Your objective: Return exactly the lines of the records below, starting at the line that contains "# Parameters (mm, degrees)" and ending at the line that contains "# Not quite", with both of those lines kept.

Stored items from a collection
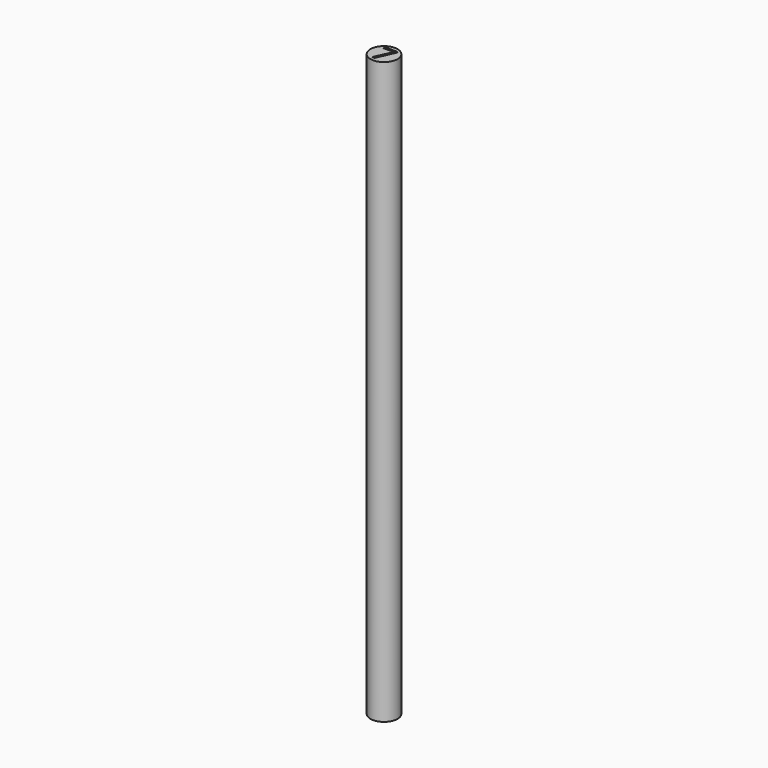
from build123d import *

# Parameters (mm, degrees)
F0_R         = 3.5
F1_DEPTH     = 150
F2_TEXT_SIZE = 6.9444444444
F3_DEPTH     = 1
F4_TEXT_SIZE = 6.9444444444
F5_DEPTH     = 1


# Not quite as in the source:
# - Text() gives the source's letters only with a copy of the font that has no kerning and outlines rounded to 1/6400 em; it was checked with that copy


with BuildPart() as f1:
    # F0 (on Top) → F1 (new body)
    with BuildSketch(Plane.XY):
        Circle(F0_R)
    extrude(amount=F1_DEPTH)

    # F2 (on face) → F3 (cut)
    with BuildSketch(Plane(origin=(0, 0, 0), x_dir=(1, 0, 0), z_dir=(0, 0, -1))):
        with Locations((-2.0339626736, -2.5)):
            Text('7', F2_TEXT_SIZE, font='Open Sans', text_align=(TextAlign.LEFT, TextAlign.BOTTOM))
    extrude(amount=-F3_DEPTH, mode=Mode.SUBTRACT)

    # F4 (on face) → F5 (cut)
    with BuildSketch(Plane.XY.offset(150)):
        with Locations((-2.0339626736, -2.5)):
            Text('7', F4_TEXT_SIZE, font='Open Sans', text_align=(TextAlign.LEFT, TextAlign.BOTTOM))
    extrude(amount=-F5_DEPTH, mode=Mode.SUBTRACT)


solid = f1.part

Result:
# Parameters (mm, degrees)
F0_R         = 3.5
F1_DEPTH     = 150
F2_TEXT_SIZE = 6.9444444444
F3_DEPTH     = 1
F4_TEXT_SIZE = 6.9444444444
F5_DEPTH     = 1


# Not quite as in the source:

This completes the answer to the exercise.